### [What this task involves]
Transcribe exactly everything in the data below from the line containing "for name, pattern" down to the line containing "linetype='Continuous', lineweight=18, true_color=0x00a600)", both lines included and nothing further.

*** Begin section ***

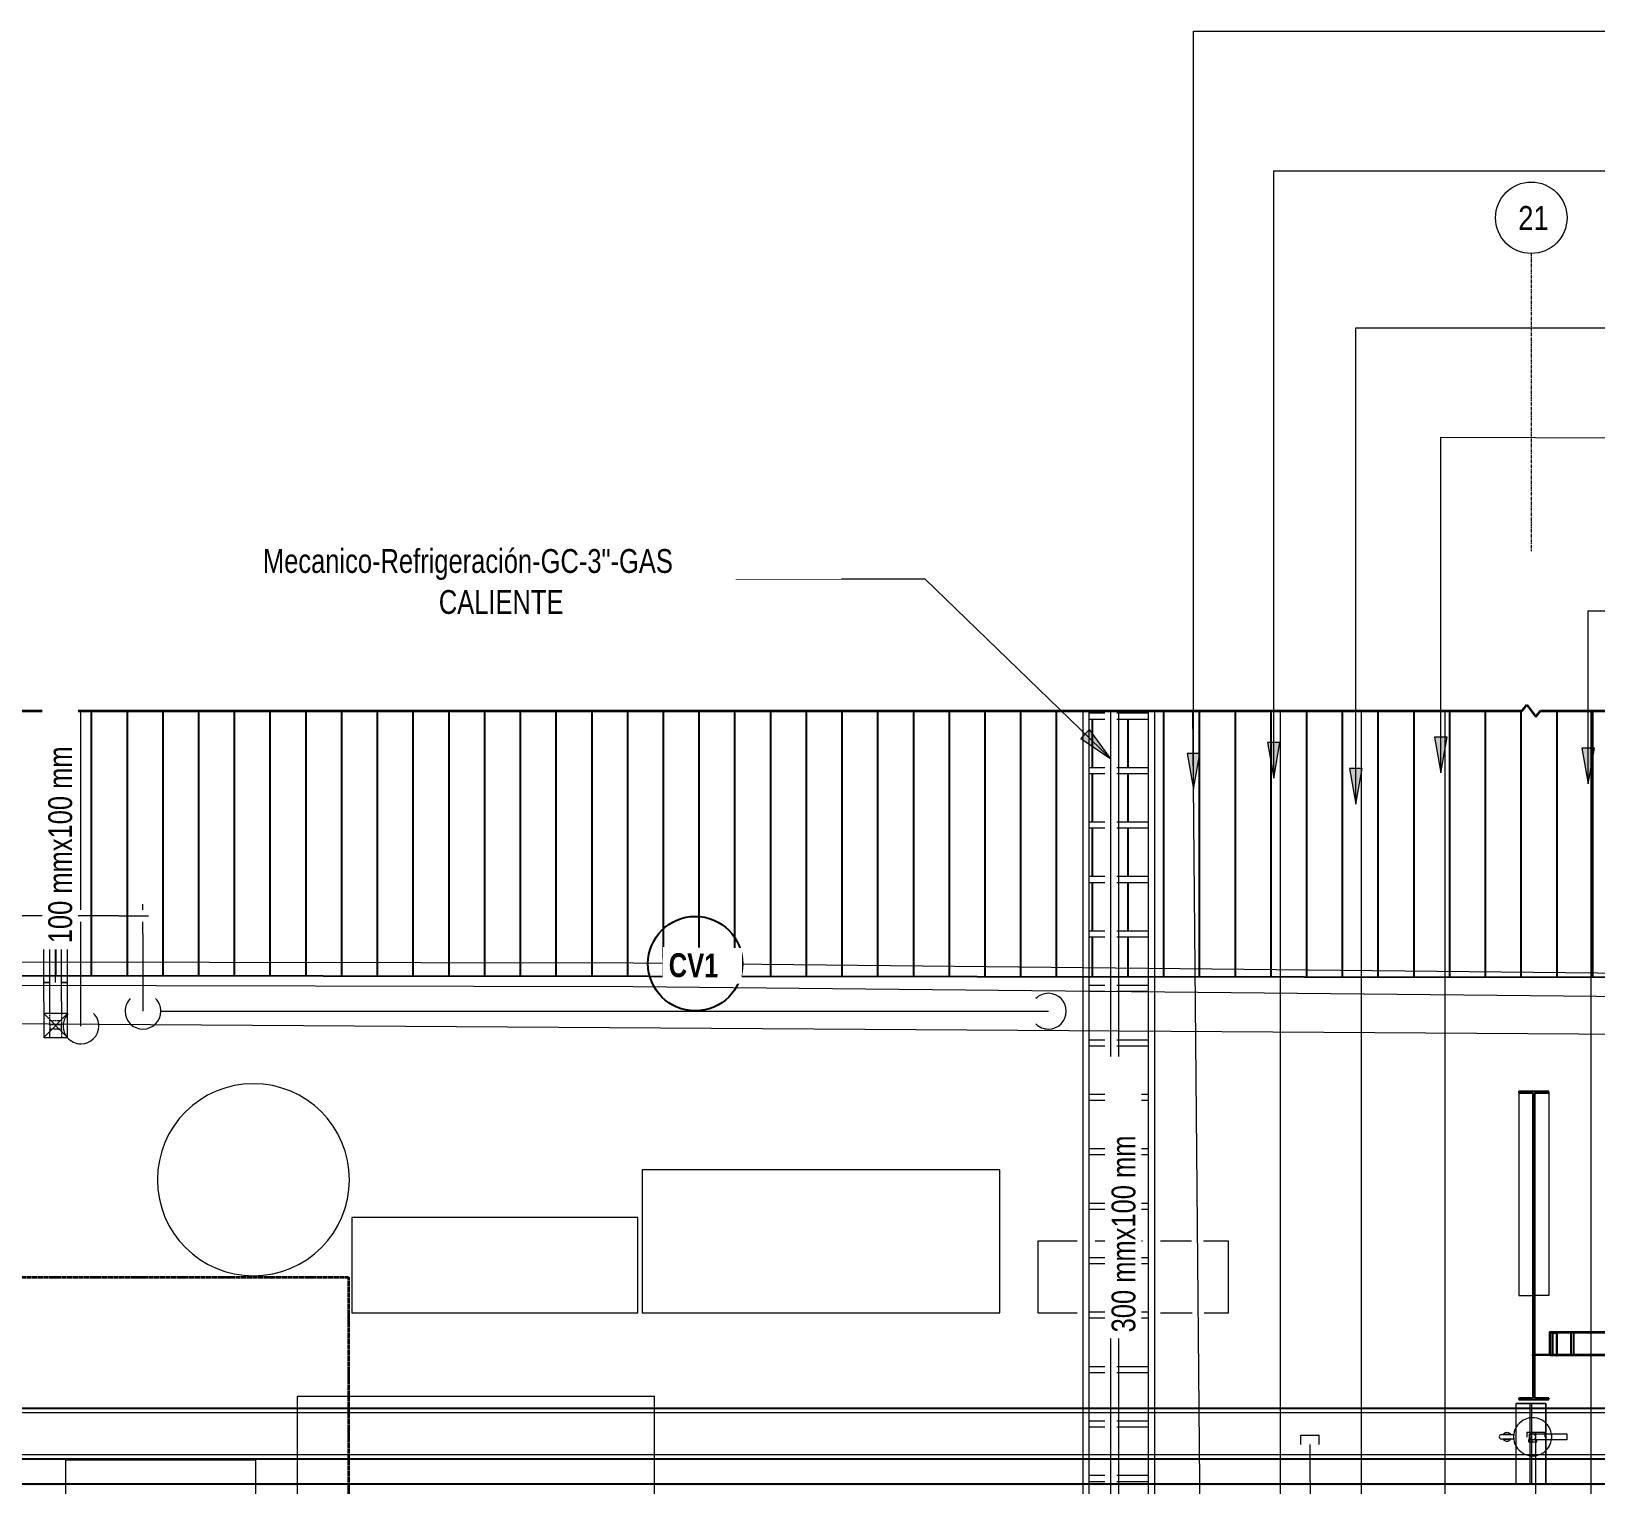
# Model space of a CAD drawing. Header units: centimetres. Extents: x -1906 to 5208, y -261 to 2955.
# Drawn here: x -1570 to -914, y 2168 to 2778 of the extents above; entities that cross this region are included whole.
import ezdxf

# ---------------------------------------------------------------- set-up
doc = ezdxf.new("R2010")
doc.units = ezdxf.units.CM
for name, pattern in [('_Overhead', [0.47625, 0.3175, -0.15875]), ('Basculante', [0.396875, 0.238125, -0.15875]), ('Grid Line', [2.2225, 1.27, -0.3175, 0.3175, -0.3175]), ('Hidden', [0.714375, 0.47625, -0.238125])]:
    doc.linetypes.add(name, pattern=pattern)
for name, color, linetype, lineweight in [('A-ANNO-NOTE', 7, 'Continuous', 18), ('A-CLNG', 7, 'Continuous', 18), ('A-CLNG-PATT', 7, 'Continuous', 18), ('A-DETL-GENF', 7, 'Continuous', 18), ('A-DETL-HDLN', 7, 'Hidden', 18), ('A-DETL-MEDM', 7, 'Continuous', 35), ('A-WALL', 7, 'Continuous', 18), ('A-WALL-PATT', 7, 'Continuous', 50), ('E-CABL-TRAY', 7, 'Continuous', 18), ('E-CABL-TRAY-CNTR', 7, 'Continuous', 18), ('E-CABL-TRAY-IDEN', 7, 'Continuous', 9), ('E-ELEC-EQPM', 7, 'Continuous', 18), ('M-EQPM', 7, 'Continuous', 18), ('M-HVAC-DUCT', 7, 'Continuous', 18), ('M-HVAC-DUCT-IDEN', 7, 'Continuous', 9), ('P-PIPE', 7, 'Continuous', 18), ('P-PIPE-IDEN', 7, 'Continuous', 9), ('Q-SPCQ', 7, 'Continuous', 18), ('S-BEAM', 7, 'Continuous', 18), ('S-COLS', 7, 'Continuous', 18), ('S-GRID', 7, 'Continuous', 9), ('S-GRID-IDEN', 7, 'Continuous', 9)]:
    doc.layers.add(name, color=color, linetype=linetype, lineweight=lineweight)
doc.layers.add('A-DETL', color=7, linetype='Continuous', lineweight=18, true_color=0x00a600)
doc.layers.add('E-CABL-TRAY-ANNO', color=7, linetype='Continuous', lineweight=18, true_color=0x007f00)
doc.styles.add('Century Gothic', font='GOTHIC.TTF', dxfattribs={"width": 0.8, "height": 10})
doc.styles.add('Century Gothic_B', font='GOTHICB.TTF', dxfattribs={"width": 0.8, "height": 10})
doc.styles.add('Saira Condensed', font='SairaCondensed-Regular.ttf', dxfattribs={"height": 10})

# ---------------------------------------------------------------- blocks, each defined once
blk = doc.blocks.new('Costanera Perfil Z - Parametrizado - h_22cm-1721855-N01 - Planta trazado tuberias refrig exist_ - detalle 1')
at = {"layer": 'S-BEAM', "color": 254, "true_color": 0xcccccc}
for p, q in [((-10.75, 295.36), (-10.75, 1931.15)), ((-10.75, 1931.15), (-10.75, 295.36)), ((-10.45, 1931.15), (-10.45, 295.36)), ((-10.45, 1931.15), (-10.45, 295.36)), ((-8.8, 1931.15), (-8.8, 295.36)), ((-8.8, 1931.15), (-8.8, 295.36)), ((8.8, 1931.15), (8.8, 248.74)), ((8.8, 1931.15), (8.8, 248.74)), ((10.45, 1931.15), (10.45, 323.25)), ((10.45, 1931.15), (10.45, 323.25)), ((10.75, 1931.15), (10.75, 323.25)), ((10.75, 1931.15), (10.75, 323.25))]:
    blk.add_line(p, q, dxfattribs=at)
blk = doc.blocks.new('RVR_Tensor angular doble L - d_25 mm-V3-N01 - Planta trazado tuberias refrig exist_ - detalle 1')
at = {"layer": 'S-BEAM', "color": 254, "true_color": 0xcccccc}
for p, q in [((-4.84, -4.47), (-4.84, 5.03)), ((-4.84, 5.03), (-4.47, 5.03)), ((5.16, 5.03), (-4.84, 5.03)), ((-4.47, 5.03), (-4.47, 4.97)), ((5.16, 5.03), (-4.47, 5.03)), ((-4.47, 4.97), (-4.47, 4.47)), ((-4.47, 4.47), (-4.47, -4.97)), ((-3.73, 5), (-3.36, 5)), ((-3.73, 5), (-1.64, 5)), ((-3.73, 4.47), (-3.73, 4.97)), ((-3.73, -4.97), (-3.73, 4.47)), ((-3.36, 5), (-1.64, 5)), ((-3.36, 4.97), (-3.36, 4.47)), ((-3.36, 4.47), (-3.36, -4.47)), ((-1.64, 5), (4.06, 5)), ((-1.64, 5), (4.06, 5)), ((4.06, 5), (5.17, 5)), ((4.06, 5), (5.17, 5)), ((373.1, 5.03), (5.16, 5.03)), ((373.44, 5.03), (5.16, 5.03)), ((5.17, 5), (328.98, 5)), ((5.17, 5), (328.98, 5)), ((-11.91, -4.97), (-11.91, -4.47)), ((-11.91, -4.47), (-11.73, -4.47)), ((-11.73, -4.47), (-11.91, -4.47)), ((-11.73, -4.97), (-11.91, -4.97)), ((-11.73, -4.97), (-11.91, -4.97)), ((-11.02, -4.47), (-4.84, -4.47)), ((-2.04, -4.47), (-11.02, -4.47)), ((-4.47, -4.97), (-11.02, -4.97)), ((-3.01, -4.97), (-11.02, -4.97)), ((-2.04, -4.47), (-4.84, -4.47)), ((-4.47, -4.97), (-3.01, -4.97)), ((-3.01, -5), (-3.73, -5)), ((-3.01, -5), (-3.73, -5)), ((-3.36, -4.5), (-3.01, -4.5)), ((-3.36, -4.5), (-3.01, -4.5)), ((-3.01, -4.5), (-2.04, -4.5)), ((-3.01, -4.5), (-2.04, -4.5)), ((-3.01, -4.97), (-2.04, -4.97)), ((-2.04, -4.97), (-3.01, -4.97)), ((-2.04, -5), (-3.01, -5)), ((-2.04, -5), (-3.01, -5)), ((-1.64, -4.47), (-2.04, -4.47)), ((-1.64, -4.47), (-2.04, -4.47)), ((-2.04, -4.5), (-1.64, -4.5)), ((-2.04, -4.5), (-1.64, -4.5)), ((-2.04, -4.97), (-1.64, -4.97)), ((-1.64, -4.97), (-2.04, -4.97)), ((-1.64, -5), (-2.04, -5)), ((-1.64, -5), (-2.04, -5)), ((4.06, -4.47), (-1.64, -4.47)), ((4.06, -4.47), (-1.64, -4.47)), ((-1.64, -4.5), (3.71, -4.5)), ((-1.64, -4.5), (5.16, -4.5)), ((-1.64, -4.97), (4.41, -4.97)), ((4.41, -4.97), (-1.64, -4.97)), ((3.71, -5), (-1.64, -5)), ((363.41, -5), (-1.64, -5)), ((3.71, -4.5), (5.16, -4.5)), ((3.71, -4.52), (3.71, -4.97)), ((3.71, -5), (363.41, -5)), ((5.16, -4.47), (4.06, -4.47)), ((5.16, -4.47), (4.06, -4.47)), ((4.43, -4.97), (5.16, -4.97)), ((5.16, -4.97), (4.43, -4.97)), ((5.54, -4.47), (5.16, -4.47)), ((5.54, -4.47), (5.16, -4.47)), ((5.16, -4.5), (363.41, -4.5)), ((5.16, -4.5), (363.41, -4.5)), ((5.16, -4.97), (363.41, -4.97)), ((363.41, -4.97), (5.16, -4.97)), ((363.41, -4.47), (5.54, -4.47)), ((363.41, -4.47), (5.54, -4.47))]:
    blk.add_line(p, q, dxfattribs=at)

*** End section ***

### [Response to the task]
for name, pattern in [('_Overhead', [0.47625, 0.3175, -0.15875]), ('Basculante', [0.396875, 0.238125, -0.15875]), ('Grid Line', [2.2225, 1.27, -0.3175, 0.3175, -0.3175]), ('Hidden', [0.714375, 0.47625, -0.238125])]:
    doc.linetypes.add(name, pattern=pattern)
for name, color, linetype, lineweight in [('A-ANNO-NOTE', 7, 'Continuous', 18), ('A-CLNG', 7, 'Continuous', 18), ('A-CLNG-PATT', 7, 'Continuous', 18), ('A-DETL-GENF', 7, 'Continuous', 18), ('A-DETL-HDLN', 7, 'Hidden', 18), ('A-DETL-MEDM', 7, 'Continuous', 35), ('A-WALL', 7, 'Continuous', 18), ('A-WALL-PATT', 7, 'Continuous', 50), ('E-CABL-TRAY', 7, 'Continuous', 18), ('E-CABL-TRAY-CNTR', 7, 'Continuous', 18), ('E-CABL-TRAY-IDEN', 7, 'Continuous', 9), ('E-ELEC-EQPM', 7, 'Continuous', 18), ('M-EQPM', 7, 'Continuous', 18), ('M-HVAC-DUCT', 7, 'Continuous', 18), ('M-HVAC-DUCT-IDEN', 7, 'Continuous', 9), ('P-PIPE', 7, 'Continuous', 18), ('P-PIPE-IDEN', 7, 'Continuous', 9), ('Q-SPCQ', 7, 'Continuous', 18), ('S-BEAM', 7, 'Continuous', 18), ('S-COLS', 7, 'Continuous', 18), ('S-GRID', 7, 'Continuous', 9), ('S-GRID-IDEN', 7, 'Continuous', 9)]:
    doc.layers.add(name, color=color, linetype=linetype, lineweight=lineweight)
doc.layers.add('A-DETL', color=7, linetype='Continuous', lineweight=18, true_color=0x00a600)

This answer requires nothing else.